Tuesday, October 13, 2009

Cranberry and White Chocolate English Scones

About twelve years ago, Katie and I ran a bed-and-breakfast inn. A friend of ours shared this recipe, and it was an instant hit with our guests. We served these scones at least twice a week. It got so that I could whip up enough to feed 20 guests in no time at all with my eyes shut. And I literally mean with my eyes shut. Things got going pretty early in the morning at the B and B.

We called them English scones because the bed-and-breakfast was in a castle (or at least a building built to resemble a Scottish castle). All the rooms were castle-themed. I have no idea if these scones are anything like what you get in Great Britain, but they are good. Maybe some day Katie and I can make it across the pond to find out how they compare.
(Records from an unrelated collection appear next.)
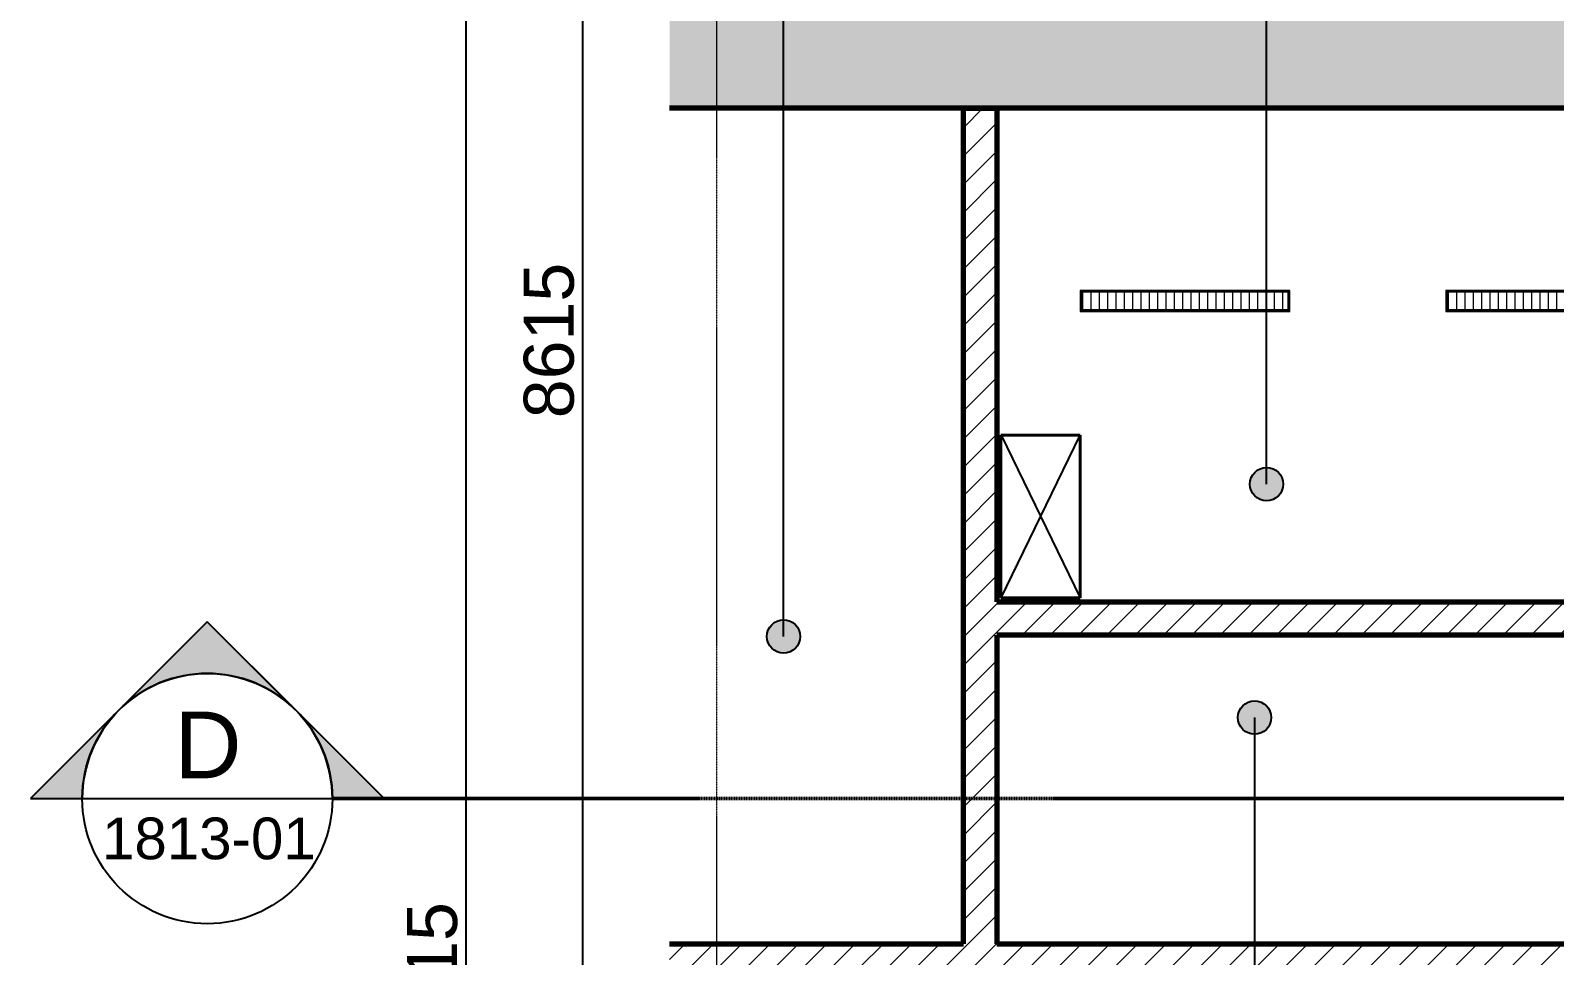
# Model space of a CAD drawing. Header units: millimetres. Extents: x -725999 to -647408, y -21008 to 19019.
# Drawn here: x -725999 to -716857, y 4199 to 9745 of the extents above; entities that cross this region are included whole.
import ezdxf
from ezdxf.xclip import XClip

# ---------------------------------------------------------------- set-up
doc = ezdxf.new("R2010")
doc.units = ezdxf.units.MM
doc.header["$XCLIPFRAME"] = 0
doc.linetypes.add('DPA_Grid _ Level 100', pattern=[10, 5.5, -1.6, 1.3, -1.6])
doc.linetypes.add('DPA_Overhead 100', pattern=[2.75, 1.75, -1])
for name, color, linetype, lineweight in [('_ _ A-DETL-OPENING', 1, 'Continuous', 25), ('A-ANNO-DIMS', 1, 'Continuous', 9), ('A-FLOR-E', 2, 'Continuous', 35), ('A-FLOR-OVHD', 2, 'DPA_Overhead 100', 25), ('A-ROOM-IDEN', 3, 'Continuous', 25), ('A-WALL', 5, 'Continuous', 35), ('A-WALL-PATT', 1, 'Continuous', 9), ('E-LITE-EQPM', 2, 'Continuous', 9), ('G-ANNO-SECL', 3, 'Continuous', 9), ('S-GRID', 251, 'Continuous', 9), ('WALL-E', 2, 'Continuous', 9)]:
    doc.layers.add(name, color=color, linetype=linetype, lineweight=lineweight)
doc.styles.add('Arial', font='arial.ttf', dxfattribs={"height": 400})
doc.styles.add('Arial_1', font='arial.ttf', dxfattribs={"height": 250})
doc.styles.add('Arial_2', font='arial.ttf', dxfattribs={"height": 300})
doc.dimstyles.new('DPA-DIM-3_0_C-C', dxfattribs={"dimscale": 304.8, "dimtxt": 306.07782, "dimasz": 0.492126, "dimexe": 0.656168, "dimexo": 0.0625, "dimgap": 0.164042, "dimtad": 1, "dimdec": 0, "dimzin": 0, "dimdsep": 46, "dimtxsty": 'Arial_2', "dimblk1": 'DOTBLANK', "dimblk2": 'DOTBLANK', "dimsah": 1, "dimcen": 0.09, "dimdle": 0.656168, "dimadec": 8, "dimazin": 0, "dimtfac": 1, "dimtdec": 4, "dimtix": 1, "dimtmove": 0, "dimatfit": 3, "dimfxl": 1.312336, "dimfxlon": 1, "dimtvp": 1, "dimtolj": 1, "dimtzin": 0, "dimarcsym": 2})
pattern_1 = [(45, (0, 0), (-84.852814, 84.852814), [])]

# ---------------------------------------------------------------- blocks, each defined once
blk = doc.blocks.new('DPA_AR_LIGHTING_L4 - Standart-18568550-4283-01 ENLARGED LOWER PLATFORM LEVEL - REFLECTED CEILING PLAN - SHEET 4')
at = {"layer": 'E-LITE-EQPM'}
for p, q in [((127.3, -170.9), (127.3, -45.9)), ((127.3, -45.9), (1384.3, -45.9)), ((1381.3, -48.9), (130.3, -48.9)), ((130.3, -48.9), (130.3, -167.9)), ((130.3, -167.9), (130.3, -48.9)), ((130.3, -48.9), (1381.3, -48.9)), ((1374.3, -55.9), (137.3, -55.9)), ((137.3, -160.9), (137.3, -55.9)), ((142.3, -55.9), (142.3, -160.9)), ((192.3, -55.9), (192.3, -160.9)), ((242.3, -55.9), (242.3, -160.9)), ((292.3, -55.9), (292.3, -160.9)), ((342.3, -55.9), (342.3, -160.9)), ((392.3, -55.9), (392.3, -160.9)), ((442.3, -55.9), (442.3, -160.9)), ((492.3, -55.9), (492.3, -160.9)), ((542.3, -55.9), (542.3, -160.9)), ((592.3, -55.9), (592.3, -160.9)), ((642.3, -55.9), (642.3, -160.9)), ((692.3, -55.9), (692.3, -160.9)), ((742.3, -55.9), (742.3, -160.9)), ((792.3, -55.9), (792.3, -160.9)), ((842.3, -55.9), (842.3, -160.9)), ((892.3, -55.9), (892.3, -160.9)), ((942.3, -55.9), (942.3, -160.9)), ((992.3, -55.9), (992.3, -160.9)), ((1042.3, -55.9), (1374.3, -55.9)), ((1042.3, -55.9), (1042.3, -160.9)), ((1092.3, -55.9), (1092.3, -160.9)), ((1142.3, -55.9), (1142.3, -160.9)), ((1192.3, -55.9), (1192.3, -160.9)), ((1242.3, -55.9), (1242.3, -160.9)), ((1292.3, -55.9), (1292.3, -160.9)), ((1342.3, -55.9), (1342.3, -160.9)), ((1374.3, -55.9), (1374.3, -160.9)), ((1381.3, -167.9), (1381.3, -48.9)), ((1381.3, -48.9), (1381.3, -167.9)), ((1384.3, -45.9), (1384.3, -170.9)), ((1384.3, -170.9), (127.3, -170.9)), ((130.3, -167.9), (1381.3, -167.9)), ((1381.3, -167.9), (130.3, -167.9)), ((1374.3, -160.9), (137.3, -160.9))]:
    blk.add_line(p, q, dxfattribs=at)
blk = doc.blocks.new('Section - Section Head-531884-4283-01 ENLARGED LOWER PLATFORM LEVEL - REFLECTED CEILING PLAN - SHEET 4')
at = {"layer": 'G-ANNO-SECL'}
h = blk.add_hatch(color=256, dxfattribs=at)
edge = h.paths.add_edge_path()
edge.add_line((-12.803, 5.303), (-7.5, 10.607))
edge.add_line((-7.5, 10.607), (-2.197, 5.303))
edge.add_arc((-7.5, 0), 7.5, 45, 135)
h = blk.add_hatch(color=256, dxfattribs=at)
edge = h.paths.add_edge_path()
edge.add_arc((-7.5, 0), 7.5, 0, 45)
edge.add_line((-2.197, 5.303), (3.107, 0))
edge.add_line((3.107, 0), (0, 0))
edge = h.paths.add_edge_path()
edge.add_line((-15, 0), (-18.107, 0))
edge.add_line((-18.107, 0), (-12.803, 5.303))
edge.add_arc((-7.5, 0), 7.5, 135, 180)
at = {"layer": 'G-ANNO-SECL', "lineweight": 25}
for p, q in [((-7.5, 10.607), (-18.107, 0)), ((-7.5, 10.607), (-12.803, 5.303)), ((3.107, 0), (-7.5, 10.607)), ((-2.197, 5.303), (-7.5, 10.607)), ((-12.803, 5.303), (-18.107, 0)), ((3.107, 0), (-2.197, 5.303)), ((-18.107, 0), (-15, 0)), ((-18.107, 0), (-15, 0)), ((0, 0), (3.107, 0)), ((0, 0), (3.107, 0))]:
    blk.add_line(p, q, dxfattribs=at)
blk.add_circle((-7.5, 0), 7.5, dxfattribs=at)
for start, end in [(45, 135), (135, 180), (0, 45)]:
    blk.add_arc((-7.5, 0), 7.5, start, end, dxfattribs=at)
blk = doc.blocks.new('DPA_AR_LIGHTING_L4 - Standart-18568550-4180-01 LOWER PLATFORM LEVEL - REFLECTED CEILING PLAN')
at = {"layer": 'E-LITE-EQPM'}
for p, q in [((127.3, -170.9), (127.3, -45.9)), ((127.3, -45.9), (1384.3, -45.9)), ((1381.3, -48.9), (130.3, -48.9)), ((130.3, -48.9), (130.3, -167.9)), ((130.3, -167.9), (130.3, -48.9)), ((130.3, -48.9), (1381.3, -48.9)), ((1374.3, -55.9), (137.3, -55.9)), ((137.3, -160.9), (137.3, -55.9)), ((142.3, -55.9), (142.3, -160.9)), ((192.3, -55.9), (192.3, -160.9)), ((242.3, -55.9), (242.3, -160.9)), ((292.3, -55.9), (292.3, -160.9)), ((342.3, -55.9), (342.3, -160.9)), ((392.3, -55.9), (392.3, -160.9)), ((442.3, -55.9), (442.3, -160.9)), ((492.3, -55.9), (492.3, -160.9)), ((542.3, -55.9), (542.3, -160.9)), ((592.3, -55.9), (592.3, -160.9)), ((642.3, -55.9), (642.3, -160.9)), ((692.3, -55.9), (692.3, -160.9)), ((742.3, -55.9), (742.3, -160.9)), ((792.3, -55.9), (792.3, -160.9)), ((842.3, -55.9), (842.3, -160.9)), ((892.3, -55.9), (892.3, -160.9)), ((942.3, -55.9), (942.3, -160.9)), ((992.3, -55.9), (992.3, -160.9)), ((1042.3, -55.9), (1374.3, -55.9)), ((1042.3, -55.9), (1042.3, -160.9)), ((1092.3, -55.9), (1092.3, -160.9)), ((1142.3, -55.9), (1142.3, -160.9)), ((1192.3, -55.9), (1192.3, -160.9)), ((1242.3, -55.9), (1242.3, -160.9)), ((1292.3, -55.9), (1292.3, -160.9)), ((1342.3, -55.9), (1342.3, -160.9)), ((1374.3, -55.9), (1374.3, -160.9)), ((1381.3, -167.9), (1381.3, -48.9)), ((1381.3, -48.9), (1381.3, -167.9)), ((1384.3, -45.9), (1384.3, -170.9)), ((1384.3, -170.9), (127.3, -170.9)), ((130.3, -167.9), (1381.3, -167.9)), ((1381.3, -167.9), (130.3, -167.9)), ((1374.3, -160.9), (137.3, -160.9))]:
    blk.add_line(p, q, dxfattribs=at)
blk = doc.blocks.new('C-1-PP19-AR-4180-01-B_20250908-040939_EXDOWNLIGHT')
at = {"layer": 'E-LITE-EQPM', "extrusion": (0, 0, -1), "rotation": 180}
for p in [(-24852.9, 4436.3), (-27045.9, 4436.3)]:
    blk.add_blockref('DPA_AR_LIGHTING_L4 - Standart-18568550-4180-01 LOWER PLATFORM LEVEL - REFLECTED CEILING PLAN', p, dxfattribs=at)
blk = doc.blocks.new('_DotBlank')
at = {"color": 0, "linetype": 'ByBlock', "lineweight": -2}
blk.add_line((-0.5, 0), (-1, 0), dxfattribs=at)
blk.add_circle((0, 0), 0.5, dxfattribs=at)
blk = doc.blocks.new('*D751')
at = {"layer": 'A-ANNO-DIMS', "color": 0, "lineweight": -2, "transparency": 16777216}
for p, q in [((-26128.3, 16735), (-25547.4, 16735)), ((-25747.4, 370), (-25747.4, 16585)), ((-26128.3, 220), (-25547.4, 220))]:
    blk.add_line(p, q, dxfattribs=at)
at = {"layer": 'Defpoints', "color": 0, "transparency": 16777216}
for p in [(-26147.4, 16735), (-25747.4, 16735), (-26147.4, 220)]:
    blk.add_point(p, dxfattribs=at)
at = {"layer": 'A-ANNO-DIMS', "color": 0, "lineweight": -2, "transparency": 16777216, "xscale": 150, "yscale": 150, "zscale": 150}
for p, rotation in [((-25747.4, 16735), 90), ((-25747.4, 220), 270)]:
    blk.add_blockref('_DotBlank', p, dxfattribs=dict(at, rotation=rotation))
at = {"layer": 'A-ANNO-DIMS', "color": 0, "transparency": 16777216, "insert": (-25950.5, 8477.5), "char_height": 300, "width": 1384.414, "attachment_point": 5, "rotation": 90, "style": 'Arial_2'}
blk.add_mtext('\\A1;16515', dxfattribs=at)
blk = doc.blocks.new('*D755')
at = {"layer": 'A-ANNO-DIMS', "color": 0, "lineweight": -2, "transparency": 16777216}
for p, q in [((-25428.3, 16735), (-24847.4, 16735)), ((-25047.4, 8270), (-25047.4, 16585)), ((-25428.3, 8120), (-24847.4, 8120))]:
    blk.add_line(p, q, dxfattribs=at)
at = {"layer": 'Defpoints', "color": 0, "transparency": 16777216}
for p in [(-25447.4, 16735), (-25047.4, 16735), (-25447.4, 8120)]:
    blk.add_point(p, dxfattribs=at)
at = {"layer": 'A-ANNO-DIMS', "color": 0, "lineweight": -2, "transparency": 16777216, "xscale": 150, "yscale": 150, "zscale": 150}
for p, rotation in [((-25047.4, 16735), 90), ((-25047.4, 8120), 270)]:
    blk.add_blockref('_DotBlank', p, dxfattribs=dict(at, rotation=rotation))
at = {"layer": 'A-ANNO-DIMS', "color": 0, "transparency": 16777216, "insert": (-25250.5, 12427.5), "char_height": 300, "width": 1107.531, "attachment_point": 5, "rotation": 90, "style": 'Arial_2'}
blk.add_mtext('\\A1;8615', dxfattribs=at)
blk = doc.blocks.new('*U744')
at = {"layer": '_ _ A-DETL-OPENING'}
for p, q in [((-22539.9, 10885), (-22064.9, 11860)), ((-22539.9, 11860), (-22064.9, 10885)), ((-22539.9, 10885), (-22539.9, 11860)), ((-22539.9, 11860), (-22064.9, 11860)), ((-22064.9, 11860), (-22064.9, 10885)), ((-22064.9, 10885), (-22539.9, 10885))]:
    blk.add_line(p, q, dxfattribs=at)
at = {"layer": 'S-GRID', "linetype": 'DPA_Grid _ Level 100'}
blk.add_line((-24244.9, -16466.6), (-24244.9, 22660), dxfattribs=at)
at = {"layer": 'A-ANNO-DIMS'}
for base, p1, p2, override, picture, middle in [((-25747.4, 16735), (-26147.4, 220), (-26147.4, 16735), {"dimpost": '<>', "dimfxl": 16515.002991}, '*D751', (-25950.5, 8477.5)), ((-25047.4, 16735), (-25447.4, 8120), (-25447.4, 16735), {"dimpost": '<>', "dimfxl": 8614.999996}, '*D755', (-25250.5, 12427.5))]:
    dim = blk.add_linear_dim(base=base, p1=p1, p2=p2, angle=90, dimstyle='DPA-DIM-3_0_C-C', override=override, dxfattribs=at)
    dim.commit()
    dim.dimension.update_dxf_attribs({"geometry": picture, "text_midpoint": middle})

msp = doc.modelspace()

# ---------------------------------------------------------------- hatches: boundary and pattern name
at = {"layer": 'A-ROOM-IDEN'}
h = msp.add_hatch(color=256, dxfattribs=at)
edge = h.paths.add_edge_path()
edge.add_arc((-718584.4, 7025.2), 100, 0, 360)
h = msp.add_hatch(color=256, dxfattribs=at)
edge = h.paths.add_edge_path()
edge.add_arc((-721481.4, 6111.9), 100, 0, 360)
h = msp.add_hatch(color=256, dxfattribs=at)
edge = h.paths.add_edge_path()
edge.add_arc((-718656.2, 5625.5), 100, 0, 360)
at = {"layer": 'A-WALL-PATT', "lineweight": 9}
h = msp.add_hatch(dxfattribs=at)
h.set_pattern_fill('FP_1', color=256, style=0, pattern_type=2)
h.set_pattern_definition([(50, (0, 0), (728.7365, -63.7558), [76.2, -838.2]), (355, (0, 0), (-140.9716, 764.2276), [60.96, -670.56]), (100.451, (60.7, -5.3), (587.77, 700.46675), [64.76, -712.36]), (46.184, (0, 203.2), (1084.3162, -168.171), [114.3, -1257.3]), (96.636, (90.4, 189.2), (949.6099, 989.7098), [97.14, -1068.54]), (351.184, (0, 203.2), (949.6206, 989.7012), [91.44, -1005.84]), (21, (101.6, 152.4), (606.45787, -409.06057), [76.2, -838.2]), (326, (101.6, 152.4), (247.20834, 736.7529), [60.96, -670.56]), (71.451, (152.14, 118.3), (853.66825, 327.6855), [64.76, -712.36]), (37.5, (0, 0), (12.35469, 338.22012), [33.528, -628.904, 33.528, -647.192, -673.1]), (37.5, (0, 0), (12.35469, 338.22012), [-1343.152, 33.528, -639.572]), (7.5, (0, 0), (267.27887, 400.72213), [33.528, -354.584, 33.528, -613.664, -256.54]), (7.5, (0, 0), (267.27887, 400.72213), [-1035.304, 33.528, -223.012]), (327.5, (-226.57, 0), (542.36333, -22.91534), [33.528, -220.472, 33.528, -758.952, -1051.56]), (327.5, (-226.57, 0), (542.36333, -22.91534), [-1046.48, 33.528, -1018.032]), (317.5, (-328.17, 0), (592.51696, 101.7071), [33.528, -296.672, 33.528, -492.76, -746.76]), (317.5, (-328.17, 0), (592.51696, 101.7071), [-856.488, 33.528, -713.232])])
h.paths.add_polyline_path([(-722165.5, 9279), (-653822.4, 9279), (-653822.4, 10779), (-722165.5, 10779)])
h = msp.add_hatch(dxfattribs=at)
h.set_pattern_fill('FP_2', color=256, style=0, pattern_type=2)
h.set_pattern_definition(pattern_1)
h.paths.add_polyline_path([(-720202.4, 4269), (-720202.4, 9279), (-720402.4, 9279), (-720402.4, 4269)])
h = msp.add_hatch(dxfattribs=at)
h.set_pattern_fill('FP_2', color=256, style=0, pattern_type=2)
h.set_pattern_definition(pattern_1)
h.paths.add_polyline_path([(-716452.4, 6119), (-716452.4, 6319), (-720202.4, 6319), (-720202.4, 6119), (-717792.4, 6119)])
h = msp.add_hatch(dxfattribs=at)
h.set_pattern_fill('FP_2', color=256, style=0, pattern_type=2)
h.set_pattern_definition(pattern_1)
h.paths.add_polyline_path([(-715752.4, 4129), (-715752.4, 4269), (-722165.5, 4269), (-722165.5, 4129), (-716782.4, 4129)])

# ---------------------------------------------------------------- linework, layer by layer
at = {"layer": 'A-FLOR-E'}
for p, q in [((-722165.5, 9279), (-653823.1, 9279)), ((-653823.1, 9279), (-722165.5, 9279)), ((-720177.4, 7319), (-719702.3, 7319)), ((-720177.4, 6344), (-720177.4, 7319)), ((-719702.3, 7319), (-720177.4, 7319)), ((-720177.4, 7319), (-720177.4, 6344)), ((-719702.3, 7319), (-719702.3, 6344)), ((-719702.3, 6344), (-719702.3, 7319)), ((-719702.3, 6344), (-720177.4, 6344)), ((-720177.4, 6344), (-719702.3, 6344))]:
    msp.add_line(p, q, dxfattribs=at)
at = {"layer": 'A-FLOR-OVHD', "color": 8}
for p, q in [((-720177.4, 6344), (-719702.4, 7319)), ((-720177.4, 7319), (-719702.4, 6344)), ((-720177.4, 6344), (-720177.4, 7319)), ((-720177.4, 7319), (-719702.4, 7319)), ((-719702.4, 7319), (-719702.4, 6344)), ((-719702.4, 6344), (-720177.4, 6344))]:
    msp.add_line(p, q, dxfattribs=at)
at = {"layer": 'A-ROOM-IDEN'}
for p, q in [((-721481.4, 6111.9), (-721481.4, 15560.2)), ((-718584.4, 7025.2), (-718584.4, 12276.7)), ((-718656.2, 5625.5), (-718656.2, -10002.4))]:
    msp.add_line(p, q, dxfattribs=at)
for centre in [(-718584.4, 7025.2), (-721481.4, 6111.9), (-718656.2, 5625.5)]:
    msp.add_circle(centre, 100, dxfattribs=at)
at = {"layer": 'A-WALL', "color": 7, "lineweight": 70}
for p, q in [((-653822.4, 9279), (-722165.5, 9279)), ((-720402.4, 4269), (-720402.4, 9279)), ((-720402.4, 9279), (-720202.4, 9279)), ((-720202.4, 9279), (-720202.4, 6319)), ((-720202.4, 6319), (-716452.4, 6319)), ((-720202.4, 6119), (-720202.4, 4269)), ((-716452.4, 6119), (-720202.4, 6119)), ((-722165.5, 4269), (-720402.4, 4269)), ((-720202.4, 4269), (-715752.4, 4269))]:
    msp.add_line(p, q, dxfattribs=at)
at = {"layer": 'G-ANNO-SECL', "lineweight": 25}
msp.add_line((-725687.9, 5139.9), (-724187.9, 5139.9), dxfattribs=at)
at = {"layer": 'G-ANNO-SECL', "linetype": 'DPA_Grid _ Level 100', "lineweight": 50}
msp.add_line((-724187.9, 5139.9), (-670136, 5139.9), dxfattribs=at)
at = {"layer": 'WALL-E'}
for p, q in [((-720402.4, 9279), (-720202.4, 9279)), ((-720202.4, 9279), (-720402.4, 9279))]:
    msp.add_line(p, q, dxfattribs=at)

# ---------------------------------------------------------------- block references
msp.add_blockref('*U744', (-697637.4, -4541))
ref = msp.add_blockref('C-1-PP19-AR-4180-01-B_20250908-040939_EXDOWNLIGHT', (-744682.4, 3579))
XClip(ref).set_block_clipping_path([(22516.8245944298, -23611.999870506), (95859.307995774, 7199.9972603895)])
at = {"layer": 'E-LITE-EQPM', "extrusion": (0, 0, -1), "rotation": 180}
for p in [(719829.4, 8015.3), (717636.4, 8015.3)]:
    msp.add_blockref('DPA_AR_LIGHTING_L4 - Standart-18568550-4283-01 ENLARGED LOWER PLATFORM LEVEL - REFLECTED CEILING PLAN - SHEET 4', p, dxfattribs=at)
at = {"layer": 'G-ANNO-SECL', "lineweight": 25, "xscale": 99.99999999999993, "yscale": 99.99999999999993, "zscale": 99.99999999999993}
msp.add_blockref('Section - Section Head-531884-4283-01 ENLARGED LOWER PLATFORM LEVEL - REFLECTED CEILING PLAN - SHEET 4', (-724187.9, 5139.9), dxfattribs=at)

# ---------------------------------------------------------------- texts
at = {"layer": 'G-ANNO-SECL', "lineweight": 25, "attachment_point": 1}
for s, insert, char_height, width, style in [('D', (-725135.8, 5661.9), 400, 489.029, 'Arial'), ('1813-01', (-725569.3, 5026.1), 250, 1539.24, 'Arial_1')]:
    msp.add_mtext(s, dxfattribs=dict(at, insert=insert, char_height=char_height, width=width, style=style))

doc.saveas('drawing.dxf')

By the way, if anyone reading this is thinking how fun it must have been to run a B and B. Well, here are three pieces of advice:
  1. Have more money than you know what to do with.
  2. Hire someone else to live on site.
  3. Serve these scones.

My camera's batteries are dead, so this was 
taken with the cell phone. Not bad for a cell phone, 
but I think I need to start the New Camera for Curtis Fund.
Donations gladly taken. 



Cranberry and White Chocolate English Scones


Ingredients:

  • 1 ¾ cups flour
  • 2 tsp. baking powder
  • ½ tsp. salt
  • 1 Tbsp. sugar
  • 5 Tbsp. cold butter (cut into small pieces)
  • ½ cup dried cranberries
  • ½ cup white chocolate chips
  • ¾ cup buttermilk
  • 2 Tbsp. sugar
Heat oven to 400˚. Combine flour, baking powder, salt, and sugar. Cut in cold butter until mixture resembles coarse meal. Add the dried cranberries and white chocolate chips. Stir in buttermilk (reserving some to brush tops of scones) and mix until absorbed. Scrape the dough from the bowl and shape it into a ball. On a well-floured surfaced pat the dough flat and then fold over. Repeat this ten times. Roll to about ½ inch thick. Cut with a biscuit cutter or roll into a circle and cut wedges. Brush tops with buttermilk and sprinkle with sugar. Bake for 10 minutes.

2 comments:

  1. Tried this recipe--and it went pretty well. I think, unfortunately, the bake time must change for lower altitudes because 10 minutes wasn't near enough time--they were still a very doughy in the center. But there's always next time and the taste was great! Thanks for the recipe!

    ReplyDelete
  2. Jen--Thanks for the comment. I remember trying the scones in California once at a much lower elevation. I had to bake them a couple minutes longer there. At the time, I thought it was the oven itself. Definitely something I should consider when posting recipes.